Демми рьяно взялась за дело; ссылаясь на меня, обзвонила знакомых и малознакомых. Я сам был занят «Фон Тренком». Мы вернулись из Коннектикута, и я должен был присутствовать на репетициях в «Беласко». Напористая Демми быстро собрала больше трех тысяч долларов. Один Хильдебранд, хотя еще дулся на Гумбольдта, внес две тысячи с условием, что деньги будут потрачены на психиатра и только при крайней необходимости. Симкин, юрист с Пятой авеню, согласился оформить фонд и взять его на хранение. Хильдебранд знал, и вскоре мы все тоже узнали, что Гумбольдт нанял частного детектива, некоего Скаччиа, для слежки за Кэтлин и что этот Скаччиа уже «съел» добрую часть гуггенхеймского гранта. К тому времени Кэтлин уже отправилась в Неваду, чтобы подать на развод, но Скаччиа докладывал Гумбольдту, что она в Нью-Йорке и погрязла в похоти. Между тем сам Гумбольдт с участием уолл-стритовских маклеров разработал новый изощренный план, грозящий обернуться грандиозным скандалом. Если он застукает Кэтлин, уличит ее в супружеской неверности, то к нему целиком отойдет их «имение», жалкий домишко в Нью-Джерси стоимостью восемь тысяч, наполовину уже заложенный, – так пояснил мне один знакомый, богемный радикал Орландо Хаггинс, знающий толк в деньгах. Нью-йоркские авангардисты знают толк в деньгах.
Дни летом бегут быстро. В августе начались репетиции. Ночи были жаркие, изнурительные.
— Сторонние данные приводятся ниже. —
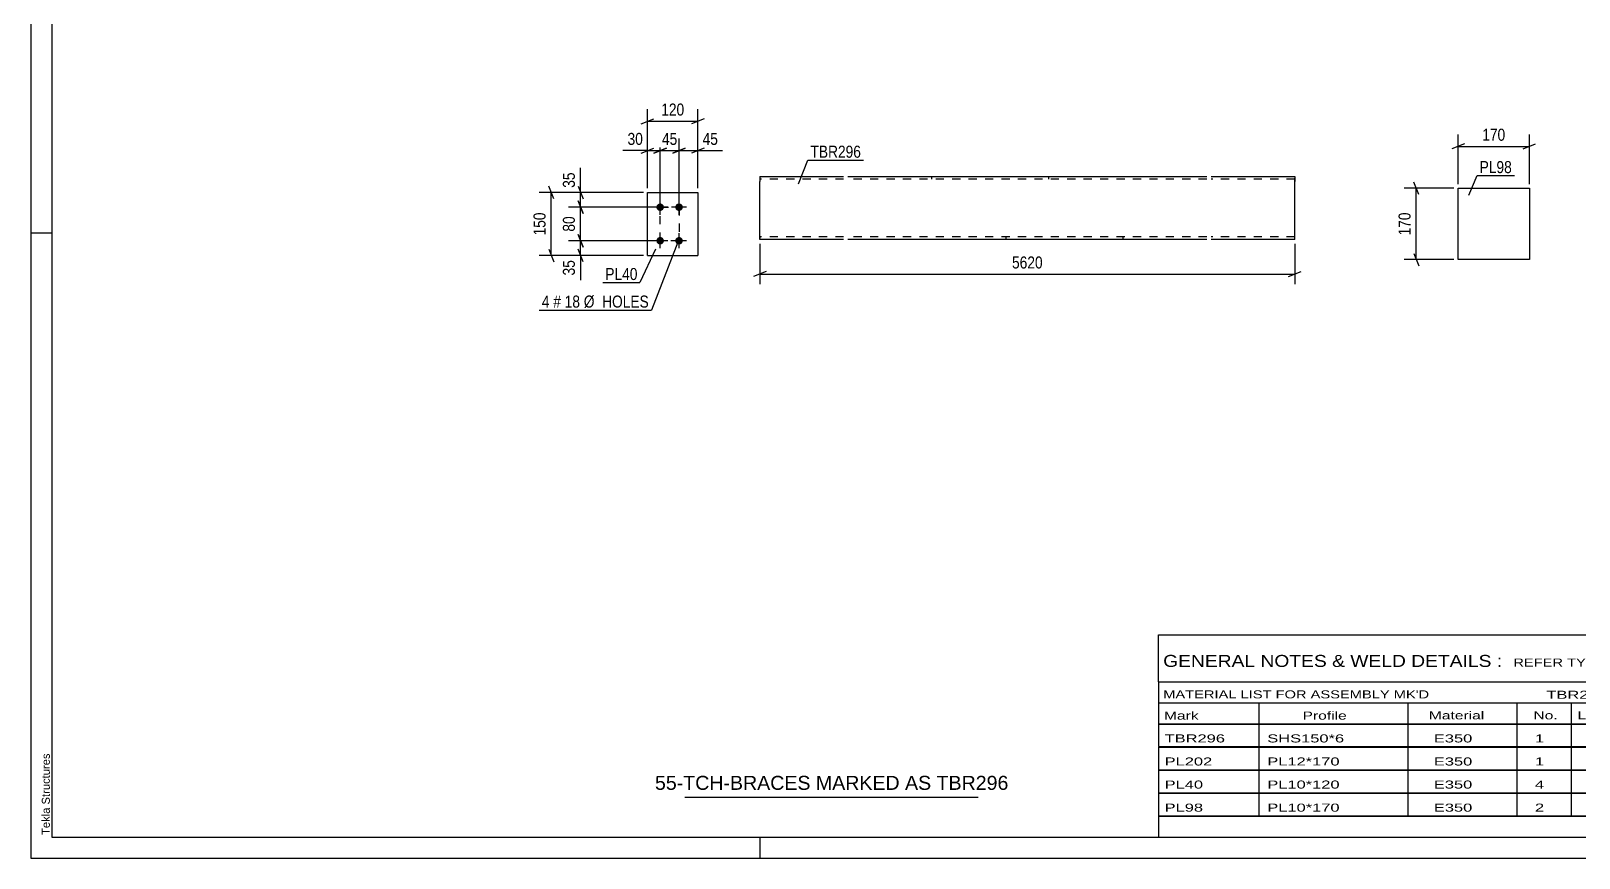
# Model space of a CAD drawing. Header units: millimetres. Extents: x 0 to 594, y 0 to 420.
# Drawn here: x 0 to 369.4, y 0 to 197.2 of the extents above; entities that cross this region are included whole.
import ezdxf

# ---------------------------------------------------------------- set-up
doc = ezdxf.new("R2010")
doc.units = ezdxf.units.MM
doc.linetypes.add('DXK_LINE_DOT2', pattern=[3.9198, 1.9599, -1.9599])
doc.styles.add('Arial', font='ARIAL.TTF', dxfattribs={"height": 0.2})
doc.styles.add('Arial Narrow', font='ARIALN.TTF', dxfattribs={"height": 0.2})

# ---------------------------------------------------------------- blocks, each defined once
blk = doc.blocks.new('Unknown-580609117-1130')
at = {"color": 5, "linetype": 'Continuous'}
for p, q in [((0, 420), (0, 0)), ((5, 415), (5, 5)), ((5, 149), (0, 149)), ((5, 5), (589, 5)), ((174, 0), (174, 5)), ((0, 0), (594, 0))]:
    blk.add_line(p, q, dxfattribs=at)
at = {"color": 174, "linetype": 'Continuous', "style": 'Arial'}
blk.add_text('Tekla Structures', height=1.9102, rotation=90, dxfattribs=at).set_placement((4.5, 5.5))
blk = doc.blocks.new('Bolt-580609117-2195 - 2161')
at = {"linetype": 'Continuous'}
for points in [[(150.13, 156.07), (150.32, 156.05), (150.5, 155.99), (150.66, 155.9), (150.8, 155.77), (150.91, 155.62), (150.99, 155.45), (151.03, 155.27), (151.03, 155.08), (150.99, 154.89), (150.91, 154.72), (150.8, 154.57), (150.66, 154.44), (150.5, 154.35), (150.32, 154.29), (150.13, 154.27), (149.95, 154.29), (149.77, 154.35), (149.61, 154.44), (149.47, 154.57), (149.35, 154.72), (149.28, 154.89), (149.24, 155.08), (149.24, 155.27), (149.28, 155.45), (149.35, 155.62), (149.47, 155.77), (149.61, 155.9), (149.77, 155.99), (149.95, 156.05)], [(154.63, 156.07), (154.82, 156.05), (155, 155.99), (155.16, 155.9), (155.3, 155.77), (155.41, 155.62), (155.49, 155.45), (155.53, 155.27), (155.53, 155.08), (155.49, 154.89), (155.41, 154.72), (155.3, 154.57), (155.16, 154.44), (155, 154.35), (154.82, 154.29), (154.63, 154.27), (154.45, 154.29), (154.27, 154.35), (154.11, 154.44), (153.97, 154.57), (153.85, 154.72), (153.78, 154.89), (153.74, 155.08), (153.74, 155.27), (153.78, 155.45), (153.85, 155.62), (153.97, 155.77), (154.11, 155.9), (154.27, 155.99), (154.45, 156.05)], [(150.13, 148.07), (150.32, 148.05), (150.5, 147.99), (150.66, 147.9), (150.8, 147.77), (150.91, 147.62), (150.99, 147.45), (151.03, 147.27), (151.03, 147.08), (150.99, 146.89), (150.91, 146.72), (150.8, 146.57), (150.66, 146.44), (150.5, 146.35), (150.32, 146.29), (150.13, 146.27), (149.95, 146.29), (149.77, 146.35), (149.61, 146.44), (149.47, 146.57), (149.35, 146.72), (149.28, 146.89), (149.24, 147.08), (149.24, 147.27), (149.28, 147.45), (149.35, 147.62), (149.47, 147.77), (149.61, 147.9), (149.77, 147.99), (149.95, 148.05)], [(154.63, 148.07), (154.82, 148.05), (155, 147.99), (155.16, 147.9), (155.3, 147.77), (155.41, 147.62), (155.49, 147.45), (155.53, 147.27), (155.53, 147.08), (155.49, 146.89), (155.41, 146.72), (155.3, 146.57), (155.16, 146.44), (155, 146.35), (154.82, 146.29), (154.63, 146.27), (154.45, 146.29), (154.27, 146.35), (154.11, 146.44), (153.97, 146.57), (153.85, 146.72), (153.78, 146.89), (153.74, 147.08), (153.74, 147.27), (153.78, 147.45), (153.85, 147.62), (153.97, 147.77), (154.11, 147.9), (154.27, 147.99), (154.45, 148.05)]]:
    blk.add_hatch(color=1, dxfattribs=at).paths.add_polyline_path(points)
at = {"color": 1, "linetype": 'Continuous'}
for p, q in [((151.93, 155.17), (148.33, 155.17)), ((150.13, 153.37), (150.13, 156.97)), ((156.43, 155.17), (152.83, 155.17)), ((154.63, 153.37), (154.63, 156.97)), ((150.13, 145.37), (150.13, 148.97)), ((154.63, 145.37), (154.63, 148.97)), ((151.93, 147.17), (148.33, 147.17)), ((156.43, 147.17), (152.83, 147.17))]:
    blk.add_line(p, q, dxfattribs=at)
blk = doc.blocks.new('Part-580609117-2200 - 2161')
at = {"color": 2, "linetype": 'Continuous'}
for p, q in [((147.13, 143.67), (147.13, 158.67)), ((147.13, 158.67), (159.13, 158.67)), ((159.13, 158.67), (159.13, 143.67)), ((147.13, 143.67), (147.13, 143.67)), ((147.13, 143.67), (159.13, 143.67)), ((159.13, 143.67), (159.13, 143.67))]:
    blk.add_line(p, q, dxfattribs=at)
at = {"color": 7, "linetype": 'DXK_LINE_DOT2'}
for p, q in [((147.13, 158.67), (159.13, 158.67)), ((147.13, 143.67), (159.13, 143.67))]:
    blk.add_line(p, q, dxfattribs=at)
blk = doc.blocks.new('Part-580609117-2404 - 2398')
at = {"color": 2, "linetype": 'Continuous'}
for p, q in [((340.53, 159.67), (357.53, 159.67)), ((340.53, 142.67), (340.53, 159.67)), ((357.53, 159.67), (357.53, 142.67)), ((357.53, 142.67), (340.53, 142.67))]:
    blk.add_line(p, q, dxfattribs=at)
blk = doc.blocks.new('Part-580609117-2436 - 2429')
at = {"color": 2, "linetype": 'Continuous'}
for p, q in [((173.91, 162.47), (173.91, 161.27)), ((173.91, 162.47), (193.91, 162.47)), ((173.91, 148.21), (173.91, 161.27)), ((194.91, 162.47), (280.57, 162.47)), ((281.57, 162.47), (301.57, 162.47)), ((301.57, 162.47), (301.57, 162.38)), ((301.57, 162.38), (301.57, 161.27)), ((301.57, 147.47), (301.57, 161.27)), ((173.91, 147.56), (173.91, 148.21)), ((173.91, 147.47), (173.91, 147.56)), ((193.91, 147.47), (173.91, 147.47)), ((280.57, 147.47), (194.91, 147.47)), ((301.57, 147.47), (281.57, 147.47))]:
    blk.add_line(p, q, dxfattribs=at)
at = {"color": 7, "linetype": 'DXK_LINE_DOT2'}
for p, q in [((193.91, 161.87), (173.91, 161.87)), ((280.57, 161.87), (194.91, 161.87)), ((214.91, 162.47), (214.91, 161.87)), ((242.83, 162.47), (242.83, 161.87)), ((301.57, 161.87), (281.57, 161.87)), ((301.57, 161.27), (301.57, 162.12)), ((173.91, 148.21), (173.91, 147.82)), ((173.91, 148.07), (173.91, 148.12)), ((193.91, 148.07), (173.91, 148.07)), ((280.57, 148.07), (194.91, 148.07)), ((232.65, 147.47), (232.65, 148.07)), ((260.57, 147.47), (260.57, 148.07)), ((301.57, 148.07), (281.57, 148.07)), ((301.57, 148.07), (301.57, 148.12))]:
    blk.add_line(p, q, dxfattribs=at)
blk = doc.blocks.new('Rectangle-580609117-2384 - 2161')
at = {"color": 1, "linetype": 'DXK_LINE_DOT2'}
blk.add_lwpolyline([(150.13, 155.17), (154.63, 155.17), (154.63, 147.17), (150.13, 147.17), (150.13, 155.17)], close=True, dxfattribs=at)
blk = doc.blocks.new('StraightDimension-580609117-2368 - 2161')
at = {"color": 7, "linetype": 'Continuous'}
for p, q in [((147.13, 159.67), (147.13, 178.52)), ((159.13, 159.67), (159.13, 178.52)), ((145.63, 175.07), (148.63, 176.27)), ((147.13, 175.67), (159.13, 175.67)), ((160.63, 176.27), (157.63, 175.07))]:
    blk.add_line(p, q, dxfattribs=at)
at = {"color": 0}
blk.add_wipeout([(156.48, 176.42), (156.48, 180.62), (149.79, 180.62), (149.79, 176.42)], dxfattribs=at)
at = {"color": 3, "style": 'Arial Narrow'}
blk.add_text('120', height=2.863, dxfattribs=at).set_placement((150.39, 177.02))
blk = doc.blocks.new('StraightDimension-580609117-2300 - 2161')
at = {"color": 7, "linetype": 'Continuous'}
for p, q in [((130.53, 160.17), (131.73, 157.17)), ((146.13, 158.67), (128.28, 158.67)), ((149.13, 155.17), (128.28, 155.17)), ((131.73, 153.67), (130.53, 156.67)), ((131.13, 155.17), (131.13, 158.67))]:
    blk.add_line(p, q, dxfattribs=at)
at = {"color": 0}
blk.add_wipeout([(130.38, 164.05), (126.18, 164.05), (126.18, 159.2), (130.38, 159.2)], dxfattribs=at)
at = {"color": 7, "linetype": 'Continuous'}
blk.add_line((131.13, 158.67), (131.13, 164.58), dxfattribs=at)
blk.add_line((131.13, 158.67), (131.13, 164.58), dxfattribs=at)
at = {"color": 3, "style": 'Arial Narrow'}
blk.add_text('35', height=2.863, rotation=90.0002, dxfattribs=at).set_placement((129.78, 159.8))
blk = doc.blocks.new('StraightDimension-580609117-2277 - 2161')
at = {"color": 7, "linetype": 'Continuous'}
for p, q in [((130.53, 148.67), (131.73, 145.67)), ((149.13, 147.17), (128.28, 147.17)), ((131.73, 142.17), (130.53, 145.17)), ((131.13, 143.67), (131.13, 147.17)), ((146.13, 143.67), (128.28, 143.67))]:
    blk.add_line(p, q, dxfattribs=at)
at = {"color": 0}
blk.add_wipeout([(130.38, 143.15), (126.18, 143.15), (126.18, 138.29), (130.38, 138.29)], dxfattribs=at)
at = {"color": 7, "linetype": 'Continuous'}
blk.add_line((131.13, 143.67), (131.13, 137.77), dxfattribs=at)
blk.add_line((131.13, 143.67), (131.13, 137.77), dxfattribs=at)
at = {"color": 3, "style": 'Arial Narrow'}
blk.add_text('35', height=2.863, rotation=90.0002, dxfattribs=at).set_placement((129.78, 138.89))
blk = doc.blocks.new('StraightDimension-580609117-2290 - 2161')
at = {"color": 7, "linetype": 'Continuous'}
for p, q in [((149.13, 155.17), (128.28, 155.17)), ((130.53, 156.67), (131.73, 153.67)), ((131.13, 147.17), (131.13, 155.17)), ((131.73, 145.67), (130.53, 148.67)), ((149.13, 147.17), (128.28, 147.17))]:
    blk.add_line(p, q, dxfattribs=at)
at = {"color": 0}
blk.add_wipeout([(130.38, 153.6), (126.18, 153.6), (126.18, 148.74), (130.38, 148.74)], dxfattribs=at)
at = {"color": 3, "style": 'Arial Narrow'}
blk.add_text('80', height=2.863, rotation=90.0002, dxfattribs=at).set_placement((129.78, 149.34))
blk = doc.blocks.new('StraightDimension-580609117-2314 - 2161')
at = {"color": 7, "linetype": 'Continuous'}
for p, q in [((124.73, 157.17), (123.53, 160.17)), ((146.13, 158.67), (121.28, 158.67)), ((124.13, 143.67), (124.13, 158.67)), ((123.53, 145.17), (124.73, 142.17)), ((146.13, 143.67), (121.28, 143.67))]:
    blk.add_line(p, q, dxfattribs=at)
at = {"color": 0}
blk.add_wipeout([(123.38, 154.51), (119.18, 154.51), (119.18, 147.83), (123.38, 147.83)], dxfattribs=at)
at = {"color": 3, "style": 'Arial Narrow'}
blk.add_text('150', height=2.863, rotation=90.0002, dxfattribs=at).set_placement((122.78, 148.43))
blk = doc.blocks.new('StraightDimension-580609117-2331 - 2161')
at = {"color": 7, "linetype": 'Continuous'}
for p, q in [((147.13, 159.67), (147.13, 171.52)), ((150.13, 156.17), (150.13, 171.52)), ((145.63, 168.07), (148.63, 169.27)), ((147.13, 168.67), (150.13, 168.67)), ((151.63, 169.27), (148.63, 168.07))]:
    blk.add_line(p, q, dxfattribs=at)
at = {"color": 0}
blk.add_wipeout([(146.61, 169.42), (146.61, 173.62), (141.75, 173.62), (141.75, 169.42)], dxfattribs=at)
at = {"color": 7, "linetype": 'Continuous'}
blk.add_line((147.13, 168.67), (141.23, 168.67), dxfattribs=at)
blk.add_line((147.13, 168.67), (141.23, 168.67), dxfattribs=at)
at = {"color": 3, "style": 'Arial Narrow'}
blk.add_text('30', height=2.863, dxfattribs=at).set_placement((142.35, 170.02))
blk = doc.blocks.new('StraightDimension-580609117-2344 - 2161')
at = {"color": 7, "linetype": 'Continuous'}
for p, q in [((150.13, 156.17), (150.13, 171.52)), ((154.63, 156.17), (154.63, 171.52)), ((148.63, 168.07), (151.63, 169.27)), ((150.13, 168.67), (154.63, 168.67)), ((156.13, 169.27), (153.13, 168.07))]:
    blk.add_line(p, q, dxfattribs=at)
at = {"color": 0}
blk.add_wipeout([(154.81, 169.42), (154.81, 173.62), (149.96, 173.62), (149.96, 169.42)], dxfattribs=at)
at = {"color": 3, "style": 'Arial Narrow'}
blk.add_text('45', height=2.863, dxfattribs=at).set_placement((150.56, 170.02))
blk = doc.blocks.new('StraightDimension-580609117-2354 - 2161')
at = {"color": 7, "linetype": 'Continuous'}
for p, q in [((154.63, 156.17), (154.63, 171.52)), ((159.13, 159.67), (159.13, 171.52)), ((153.13, 168.07), (156.13, 169.27)), ((154.63, 168.67), (159.13, 168.67)), ((160.63, 169.27), (157.63, 168.07))]:
    blk.add_line(p, q, dxfattribs=at)
at = {"color": 0}
blk.add_wipeout([(164.52, 169.42), (164.52, 173.62), (159.66, 173.62), (159.66, 169.42)], dxfattribs=at)
at = {"color": 7, "linetype": 'Continuous'}
blk.add_line((159.13, 168.67), (165.04, 168.67), dxfattribs=at)
blk.add_line((159.13, 168.67), (165.04, 168.67), dxfattribs=at)
at = {"color": 3, "style": 'Arial Narrow'}
blk.add_text('45', height=2.863, dxfattribs=at).set_placement((160.26, 170.02))
blk = doc.blocks.new('StraightDimension-580609117-2406 - 2398')
at = {"color": 7, "linetype": 'Continuous'}
for p, q in [((342.03, 170.27), (339.03, 169.07)), ((340.53, 160.67), (340.53, 172.52)), ((356.03, 169.07), (359.03, 170.27)), ((357.53, 160.67), (357.53, 172.52)), ((340.53, 169.67), (357.53, 169.67))]:
    blk.add_line(p, q, dxfattribs=at)
at = {"color": 0}
blk.add_wipeout([(352.38, 170.42), (352.38, 174.62), (345.69, 174.62), (345.69, 170.42)], dxfattribs=at)
at = {"color": 3, "style": 'Arial Narrow'}
blk.add_text('170', height=2.863, dxfattribs=at).set_placement((346.29, 171.02))
blk = doc.blocks.new('StraightDimension-580609117-2417 - 2398')
at = {"color": 7, "linetype": 'Continuous'}
for p, q in [((339.53, 159.67), (327.68, 159.67)), ((331.13, 158.17), (329.93, 161.17)), ((330.53, 142.67), (330.53, 159.67)), ((329.93, 144.17), (331.13, 141.17)), ((339.53, 142.67), (327.68, 142.67))]:
    blk.add_line(p, q, dxfattribs=at)
at = {"color": 0}
blk.add_wipeout([(329.78, 154.51), (325.58, 154.51), (325.58, 147.83), (329.78, 147.83)], dxfattribs=at)
at = {"color": 3, "style": 'Arial Narrow'}
blk.add_text('170', height=2.863, rotation=90.0002, dxfattribs=at).set_placement((329.18, 148.43))
blk = doc.blocks.new('StraightDimension-580609117-2442 - 2429')
at = {"color": 7, "linetype": 'Continuous'}
for p, q in [((173.91, 146.47), (173.91, 136.81)), ((301.57, 146.47), (301.57, 136.81)), ((175.41, 139.81), (172.41, 138.61)), ((173.91, 139.21), (301.57, 139.21)), ((300.07, 138.61), (303.07, 139.81))]:
    blk.add_line(p, q, dxfattribs=at)
at = {"color": 0}
blk.add_wipeout([(242, 139.96), (242, 144.16), (233.49, 144.16), (233.49, 139.96)], dxfattribs=at)
at = {"color": 3, "style": 'Arial Narrow'}
blk.add_text('5620', height=2.863, dxfattribs=at).set_placement((234.09, 140.56))
blk = doc.blocks.new('Unknown-580609117-4151')
at = {"color": 7, "linetype": 'Continuous'}
for p, q in [((269, 53.25), (429, 53.25)), ((269, 42), (269, 53.25)), ((429, 53.25), (429, 42)), ((269, 42), (429, 42)), ((269, 42), (269, 37)), ((429, 42), (429, 37)), ((269, 37), (429, 37)), ((269, 37), (269, 32)), ((293, 37), (293, 32)), ((328.5, 37), (328.5, 32)), ((354.5, 37), (354.5, 32)), ((367.5, 37), (367.5, 32)), ((385, 37), (385, 32)), ((407, 37), (407, 32)), ((429, 37), (429, 32)), ((269, 32), (429, 32)), ((269, 31.95), (269, 26.55)), ((269, 31.95), (429, 31.95)), ((293, 32), (293, 26.5)), ((328.5, 32), (328.5, 26.5)), ((354.5, 32), (354.5, 26.5)), ((367.5, 32), (367.5, 26.5)), ((385, 32), (385, 26.5)), ((407, 32), (407, 26.5)), ((429, 31.95), (429, 26.55)), ((269, 26.55), (429, 26.55)), ((269, 26.45), (269, 21.05)), ((269, 26.45), (429, 26.45)), ((293, 26.5), (293, 21)), ((328.5, 26.5), (328.5, 21)), ((354.5, 26.5), (354.5, 21)), ((367.5, 26.5), (367.5, 21)), ((385, 26.5), (385, 21)), ((407, 26.5), (407, 21)), ((429, 26.45), (429, 21.05)), ((269, 21.05), (429, 21.05)), ((269, 20.95), (269, 15.55)), ((269, 20.95), (429, 20.95)), ((293, 21), (293, 15.5)), ((328.5, 21), (328.5, 15.5)), ((354.5, 21), (354.5, 15.5)), ((367.5, 21), (367.5, 15.5)), ((385, 21), (385, 15.5)), ((407, 21), (407, 15.5)), ((429, 20.95), (429, 15.55)), ((269, 15.55), (429, 15.55)), ((269, 15.45), (269, 10.05)), ((269, 15.45), (429, 15.45)), ((293, 15.5), (293, 10)), ((328.5, 15.5), (328.5, 10)), ((354.5, 15.5), (354.5, 10)), ((367.5, 15.5), (367.5, 10)), ((385, 15.5), (385, 10)), ((407, 15.5), (407, 10)), ((429, 15.45), (429, 10.05)), ((269, 10.05), (429, 10.05)), ((269, 10), (429, 10)), ((269, 10), (269, 5)), ((385, 10), (385, 5)), ((407, 10), (407, 5)), ((429, 10), (429, 5)), ((269, 5), (429, 5))]:
    blk.add_line(p, q, dxfattribs=at)
at = {"color": 7, "style": 'Arial Narrow'}
for s, height, width, p in [('GENERAL NOTES & WELD DETAILS :', 2.8633, 1.4, (270.15, 45.56)), ('REFER TYP DRAWING TYP-01', 1.9089, 1.6, (353.7, 45.66)), ("MATERIAL LIST FOR ASSEMBLY MK'D", 1.9089, 1.6, (270.15, 38.06)), ('TBR296', 1.909, 1.794707, (361.59, 37.97)), ('55', 1.909, 1.794707, (389.99, 38.06)), ('No. Required', 1.9089, 1.6, (400.41, 38.06)), ('Mark', 1.909, 1.7, (270.34, 33)), ('Profile', 1.909, 1.7, (303.41, 33)), ('Material', 1.909, 1.7, (333.54, 33.06)), ('No.', 1.909, 1.7, (358.5, 33.06)), ('Length', 1.909, 1.7, (369, 33.06)), ('Area', 1.909, 1.7, (391.5, 33.06)), ('Weight', 1.909, 1.7, (411, 33.06))]:
    blk.add_text(s, height=height, dxfattribs=dict(at, width=width)).set_placement(p)
at = {"color": 7, "linetype": 'Continuous', "style": 'Arial Narrow'}
for s, height, width, p in [('TBR296', 1.909, 1.794707, (270.5, 27.56)), ('SHS150*6', 1.909, 1.794707, (295, 27.56)), ('E350', 1.909, 1.794707, (334.74, 27.56)), ('1', 1.91, 1.794707, (358.86, 27.56)), ('5620', 1.909, 1.794707, (371.58, 27.56)), ('3.4', 1.909, 1.794707, (395.32, 27.56)), ('152.1', 1.909, 1.794707, (411.96, 27.56)), ('PL202', 1.909, 1.794707, (270.5, 22.06)), ('PL12*170', 1.909, 1.794707, (295, 22.06)), ('E350', 1.909, 1.794707, (334.74, 22.06)), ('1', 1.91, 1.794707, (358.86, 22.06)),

По утрам я вставал измотанный донельзя. Демми отпаивала меня кофе, заставляла проглотить несколько порций и выслушать множество советов относительно театра, Гумбольдта и жизненной линии. Ее маленький белый фокстерьер Катон клянчил подачки, вставая на задние лапы и тявкая. Я тоже предпочел бы спать целый день на его подушечке под окном, около горшков с бегониями, нежели сидеть в затхлом зале «Беласко» и слушать плохих актеров. Я начинал ненавидеть театр. Это нехорошее чувство подогревалось наигранностью их объятий, слез, клятв. Пьеса больше не была моей пьесой. Ее автором был пучеглазый Гарольд Лэмптон. Ради него я переписывал в артистических уборных диалоги. Труппу он набрал хуже некуда. Все талантливые нью-йоркские актеры были заняты в мелодраме, которую лихорадочно ставил безумный Гумбольдт. Зрителями его были старые приятели и поклонники, собирающиеся в «Белой лошади» на Гудзон-стрит. Там он крикливо произносил свои ученые монологи. Там же Гумбольдт встречался с юристами и, если был в духе, с двумя-тремя психиатрами.
Я знал, что Демми лучше меня понимает Гумбольдта, поскольку тоже глотает таинственные таблетки. (Были и другие черты сходства.)